Over the years, they had established a carpet of beautiful violets, celandine poppy, aster, garden phlox, fleabane, and Virginia creeper — native plants for their area, meaning they grew easily with little extra water or care and provided food for local pollinators. Those benefits are available to any homeowner who switches out even part of their lawn for native plants or for another low-water alternative like clover or xeriscaping.

But this gardener had some unwelcome visitors along with the native species. "There are/were also some invasives," they revealed. "I recently removed some patches of monkeygrass/lilyturf, a patch of vinca, and a patch of some kind of winter creeper."

Removing these destructive invasive plants left some bare spots in their yard, which they hoped to sow with seeds that would sprout in the spring.

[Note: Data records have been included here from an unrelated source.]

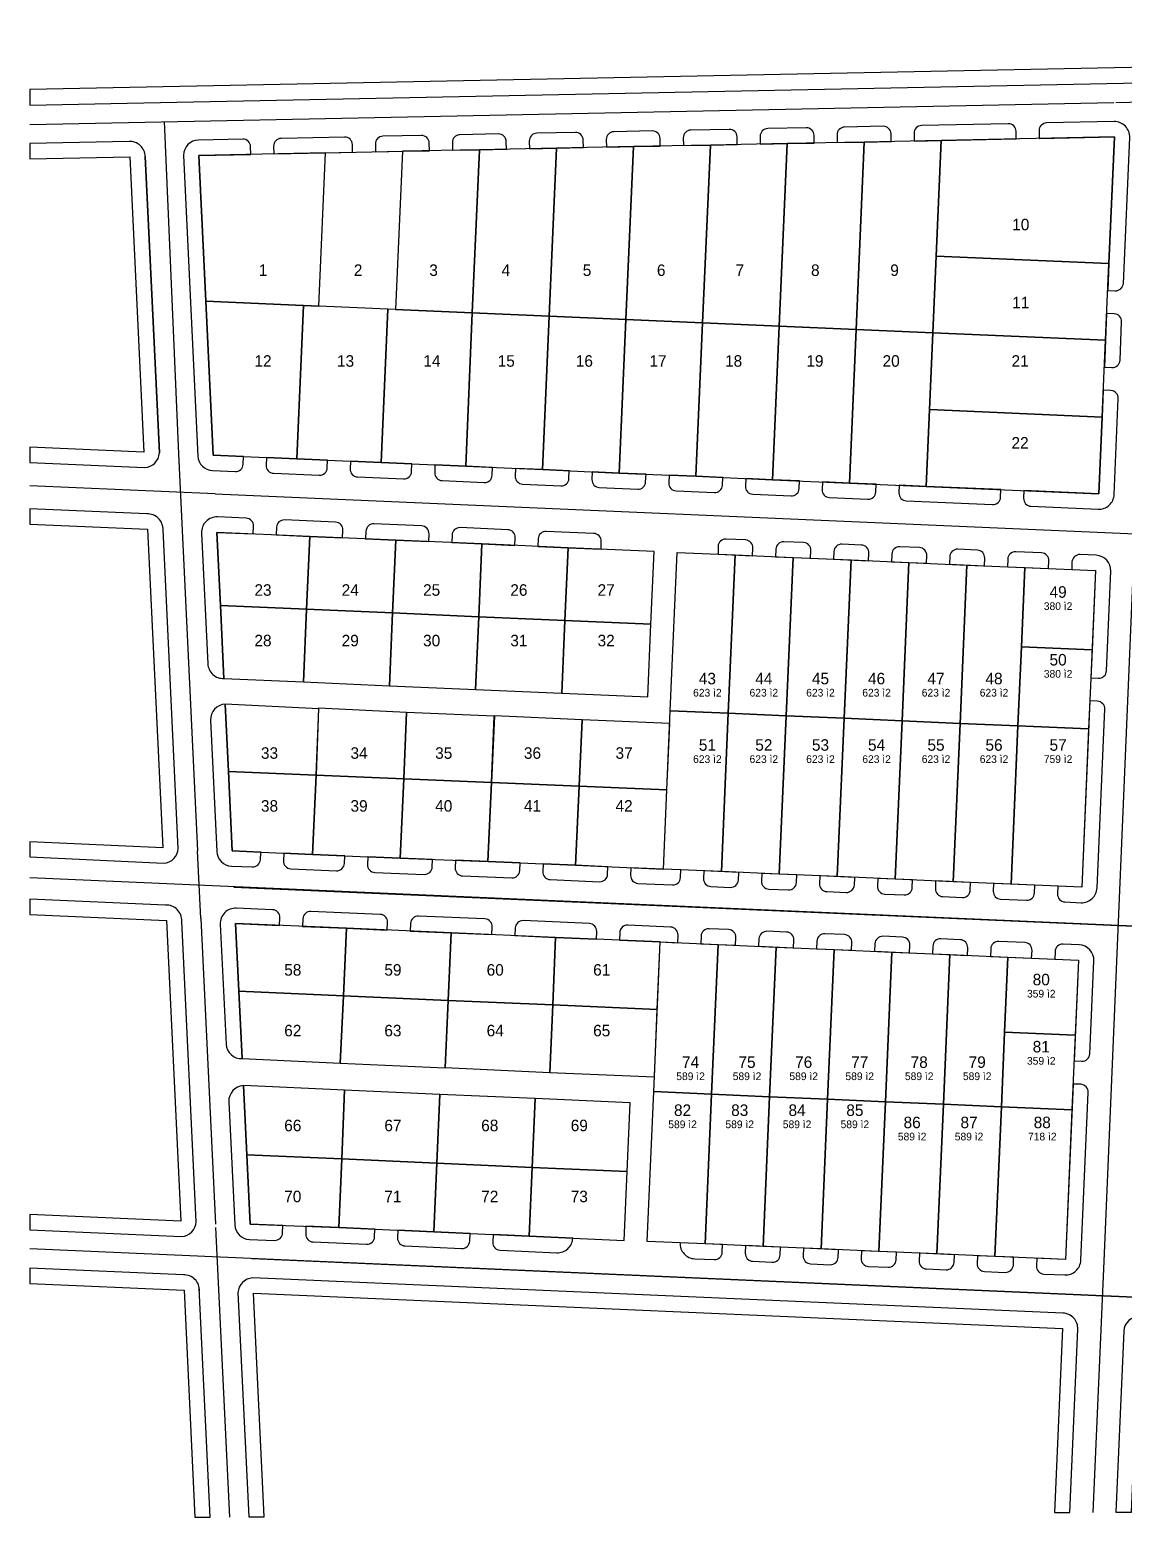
# Model space of a CAD drawing. Extents: x 1381947 to 1382725, y 492794 to 493181.
# Drawn here: x 1381947.4 to 1382232.4, y 492793.7 to 493180.8 of the extents above; entities that cross this region are included whole.
import ezdxf
from ezdxf.enums import TextEntityAlignment as Align

# ---------------------------------------------------------------- set-up
doc = ezdxf.new("R2010")
doc.units = 0
for name, color, linetype in [('AXIS', 7, 'CONTINUOUS'), ('GRASS', 7, 'CONTINUOUS'), ('PARCELS', 7, 'CONTINUOUS'), ('TEXT', 7, 'CONTINUOUS')]:
    doc.layers.add(name, color=color, linetype=linetype)

msp = doc.modelspace()

# ---------------------------------------------------------------- linework, layer by layer
at = {"layer": 'AXIS'}
for p, q in [((1381947.43, 493156.21), (1382229.64, 493161.93)), ((1382239.83, 493162.13), (1382227.08, 492860.28)), ((1382230.21, 493161.94), (1382249.67, 493162.33)), ((1381982.46, 493156.96), (1381986.18, 493070.47)), ((1381986.18, 493070.47), (1381991.13, 492967.15)), ((1381995.68, 493060.05), (1381947.43, 493062.15)), ((1381995.68, 493060.05), (1382235.33, 493049.6)), ((1381991.98, 492949.53), (1381991.13, 492967.15)), ((1382724.99, 492926.17), (1381947.43, 492960.05)), ((1382000.59, 492957.67), (1382230.89, 492947.7)), ((1381991.98, 492949.53), (1381995.79, 492869.97)), ((1382230.89, 492947.7), (1382450.67, 492938.13)), ((1381995.83, 492869.11), (1381999.45, 492793.7)), ((1382724.99, 492829.59), (1381947.43, 492863.5)), ((1382005.22, 492860.98), (1382656.06, 492832.6)), ((1382227.08, 492860.28), (1382224.23, 492794.93))]:
    msp.add_line(p, q, dxfattribs=at)
at = {"layer": 'GRASS'}
msp.add_lwpolyline([(1381947.43, 493165.25), (1381947.43, 493161.25), (1381972.81, 493161.76), (1382724.99, 493176.85), (1382724.99, 493180.84)], close=True, dxfattribs=at)
for points in [[(1382069.46, 493153.71), (1382059.42, 493153.51, 0.414214), (1382057.46, 493151.47), (1382057.5, 493149.47), (1382064.52, 493149.61), (1382071.54, 493149.75), (1382071.5, 493151.75, 0.414214), (1382069.46, 493153.71)], [(1382089.49, 493154.11), (1382079.45, 493153.91, 0.414214), (1382077.49, 493151.87), (1382077.53, 493149.87), (1382084.55, 493150.01), (1382091.57, 493150.15), (1382091.53, 493152.15, 0.414214), (1382089.49, 493154.11)], [(1382109.53, 493154.51), (1382099.49, 493154.31, 0.414181), (1382097.53, 493152.27), (1382097.57, 493150.27), (1382104.59, 493150.41), (1382111.61, 493150.55), (1382111.57, 493152.55, 0.414246), (1382109.53, 493154.51)], [(1382129.57, 493154.92), (1382119.53, 493154.72, 0.414175), (1382117.57, 493152.68), (1382117.61, 493150.68), (1382124.63, 493150.82), (1382131.65, 493150.96), (1382131.61, 493152.96, 0.414252), (1382129.57, 493154.92)], [(1382151.64, 493153.36, 0.414214), (1382149.6, 493155.32), (1382139.56, 493155.12, 0.414214), (1382137.6, 493153.08), (1382137.64, 493151.08), (1382144.66, 493151.22), (1382151.68, 493151.36), (1382151.64, 493153.36, 0.414214)], [(1382169.63, 493155.72), (1382159.59, 493155.52, 0.414214), (1382157.63, 493153.48), (1382157.67, 493151.48), (1382164.69, 493151.62), (1382171.71, 493151.76), (1382171.67, 493153.76, 0.414214), (1382169.63, 493155.72)], [(1382202.2, 493156.37), (1382179.63, 493155.92, 0.414214), (1382177.67, 493153.88), (1382177.71, 493151.88), (1382184.73, 493152.02), (1382204.28, 493152.41), (1382204.24, 493154.41, 0.414214), (1382202.2, 493156.37)], [(1382229.74, 493156.93), (1382212.19, 493156.58, 0.414214), (1382210.23, 493154.54), (1382210.27, 493152.54), (1382229.82, 493152.93), (1382228.38, 493119.99), (1382228.08, 493112.99), (1382230.07, 493112.9, 0.414243), (1382232.16, 493114.82), (1382233.82, 493152.76, 0.433031), (1382229.74, 493156.93)], [(1381991.46, 493148.14), (1382004.96, 493148.41), (1382004.92, 493150.41, 0.414214), (1382002.88, 493152.37), (1381991.38, 493152.14, 0.408389), (1381987.46, 493148.14), (1381991.2, 493069.89, 0.387649), (1381995.03, 493066.08), (1382000.91, 493065.83, 0.414214), (1382003, 493067.74), (1382003.08, 493069.74), (1381995.2, 493070.08), (1381993.28, 493110.2), (1381991.46, 493148.14)], [(1382031.43, 493150.94, 0.414213), (1382029.39, 493152.9), (1382012.87, 493152.57, 0.414214), (1382010.91, 493150.53), (1382010.95, 493148.53), (1382024.45, 493148.8), (1382031.47, 493148.94), (1382031.43, 493150.94, 0.414213)], [(1382049.42, 493153.31), (1382039.38, 493153.11, 0.414175), (1382037.42, 493151.07), (1382037.46, 493149.07), (1382044.48, 493149.21), (1382051.5, 493149.35), (1382051.46, 493151.35, 0.414252), (1382049.42, 493153.31)], [(1382231.72, 493104.83, 0.413999), (1382229.81, 493106.91), (1382227.81, 493107), (1382227.51, 493100), (1382227.21, 493093.01), (1382229.2, 493092.92, 0.414428), (1382231.29, 493094.83), (1382231.72, 493104.83, 0.413999)], [(1382229.77, 493059.86), (1382230.85, 493084.84, 0.414082), (1382228.94, 493086.93), (1382226.94, 493087.01), (1382226.64, 493080.02), (1382225.77, 493060.03), (1382206.29, 493060.88), (1382206.2, 493058.88, 0.414214), (1382208.11, 493056.8), (1382225.6, 493056.03, 0.414244), (1382229.77, 493059.86)], [(1382024.96, 493068.78), (1382016.96, 493069.13), (1382009.08, 493069.47), (1382008.99, 493067.48, 0.414214), (1382010.9, 493065.39), (1382022.79, 493064.87, 0.414214), (1382024.88, 493066.78), (1382024.96, 493068.78)], [(1382046.95, 493067.82), (1382038.96, 493068.17), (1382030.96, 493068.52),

"Do you think that where I've sowed I should brush back the leaves come spring, or … should I just let it go and consider it a test of which species will emerge?" they asked. "Either way, should I incorporate some cover crop with the seeds as is usually recommended for prairie/meadow-type situations, for all the usual reasons? And if so, is there anything that would be particularly appropriate for a shaded area?"

Commenters were in favor of lending the garden a benevolent hand. "Generally, brushing back leaves will be better for starting seedlings," said one user. "It's a garden, not a real forest floor, so there's no need to wait for serendipity to produce plants."

"Regarding cover cropping, I don't think it would be necessary if you are including some quick-establishing natives in your seed mix," another user added. "Brown Eyed Susans … etc."